Does anyone have one of these or know how to switch the operation of the theremostat into the cool mode. Or is it more simple than that and I'm missing something.

Thanks. Justin

http://www1.jaycar.com.au/productView.asp?...eMax=&SUBCATID=


----------



## lou (23/11/04)

Hi Justin
I have one of them and have set up my fridge to run through it.

it has two settings heat and cool - one of these will always be on. but if you don't connect up one side then when that side is on nothing happens - otherwise it still functions as normal. The normal temp displayed is outside temp - ie just a normal thermometre- the other temp displayed is the temp you want it to hold the fridge at - this is the setting you can change.

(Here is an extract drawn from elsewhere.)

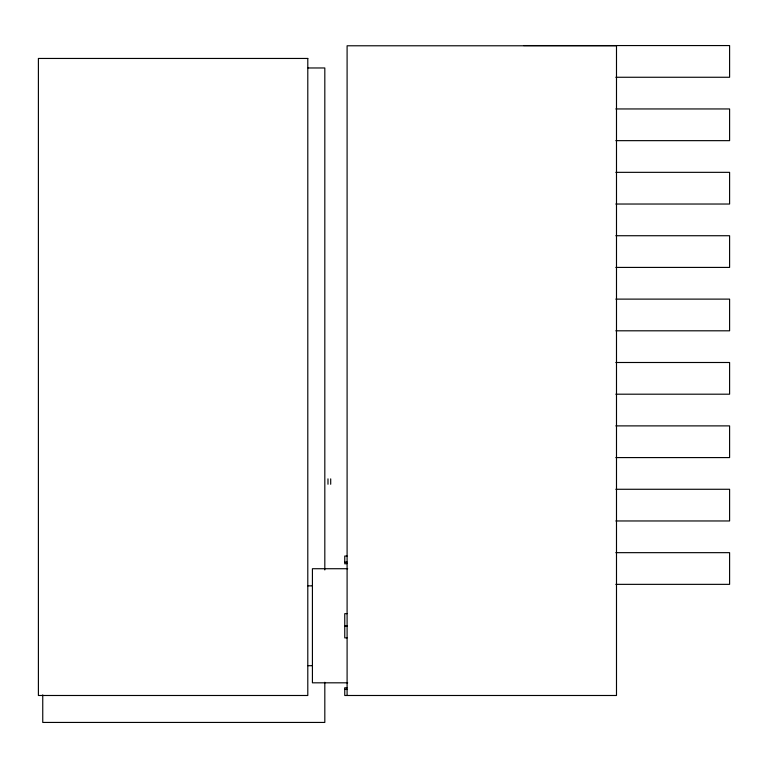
<?xml version="1.0" encoding="UTF-8"?>
<svg xmlns="http://www.w3.org/2000/svg" width="768" height="768" viewBox="0 0 768 768"><rect width="100%" height="100%" fill="white"/><g stroke="black" fill="none" stroke-linecap="round" stroke-linejoin="round"><path stroke-width="1.15" d="M344.755 562.234L347.021 562.032M347.021 563.616L344.755 563.818L344.755 556.042L347.021 556.042M523.594 45.562L729.6 45.562L729.6 77.261L615.821 77.261M308.083 67.968L324.816 67.968L324.816 569.942M615.821 108.95L729.6 108.95L729.6 140.65L615.821 140.65M615.821 172.339L729.6 172.339L729.6 204.029L615.821 204.029M615.821 235.728L729.6 235.728L729.6 267.418L615.821 267.418M615.821 299.117L729.6 299.117L729.6 330.806L615.821 330.806M615.821 362.496L729.6 362.496L729.6 394.195L615.821 394.195M615.821 425.885L729.6 425.885L729.6 457.584L615.821 457.584M615.821 489.274L729.6 489.274L729.6 520.963L615.821 520.963M615.821 552.662L729.6 552.662L729.6 584.352L615.821 584.352M347.693 568.723L312.422 568.723L312.422 682.819L347.693 682.819M307.91 585.85L312.422 585.85M347.021 613.661L344.755 613.661L344.755 637.882L347.021 637.882M344.755 625.766L347.021 625.766M344.755 626.4L347.021 626.4M307.91 665.693L312.422 665.693M347.021 687.926L344.755 687.725L344.755 695.491L616.493 695.491L616.493 45.782L347.098 45.782L347.098 695.491M344.755 689.309L347.021 689.51M330.701 478.867L330.701 484.262M327.984 478.867L327.984 484.262M324.816 682.272L324.816 722.438L42.749 722.438L42.749 694.867M307.795 58.454L38.4 58.454L38.4 695.491L307.795 695.491L307.795 58.454"/></g></svg>

Word of warning - use top qualtiy lithium baterries - the unit must sit in the fridge and ordinary batteries cannot handle lower temps- especially if you are lagering. I found this out the hard way  also it only goes down to 5C so true lagering may be impossible with this little unit - perfect for ales though

To wire up the fridge to cool and/or light globe to heat is a bit of a tricky one. I had to drill a hole in the fridge for a start to feed the wires in - you also have to be careful where you place the thermostat - in my fridge the temps were very different at top and bottom - making the frdige too warm and horrible beer  

If you want more info on a good wiring arrangement let me know - it is complicated but i had fun putting it all together  

Lou


----------



## Justin (23/11/04)

Thanks lou, all good points, some of which I knew. Mine has a few home improvements over the standard, out of pack model. Namely the thermistor that is the temp sensing device normally located within the thermostat housing, is now on the end of a 3 foot length of wire-thereby giving me a remote sensor and negating the need to keep the thermostat (and batteries  ) inside the fridge.

I also still have the normal fridge thermostat for sub 0C lagering temps (the internal thermostat goes down to -12C)

Thinking more about it, I think I've sorted it out. If you come back to read this-does the display click over from heat to cool, when the appropriate response occurs in regards to adjusting the temp according to ambient temp. Maybe that's why I can't get the LCD to read "Cool", because the ambient was below the set point.

Thanks anyway, I'll have another play tonight. I was in a bit of a rush on Sunday trying to wire the new fridge up while doing another North German Pils as well as cooking in the kitchen with impending guest arrival.

Cheers, Justin


----------



## boil42 (23/11/04)

I had a quick look at one in the jaycar shop today. From what I read, there is no "heat" or "cool" setting. you just set the desred temp for the thermostat to come in to action.

The terminal block has a normally open (NO - off) and Normally Closed (NC - on) terminal on the wiring block. you would use the normally closed terminal with a fridge so that the thermostat goes to Open (off) when the temp drops to the desired number. The reverse for a heater.

It is not designed for a fridge but rather air conditioner or household heater. 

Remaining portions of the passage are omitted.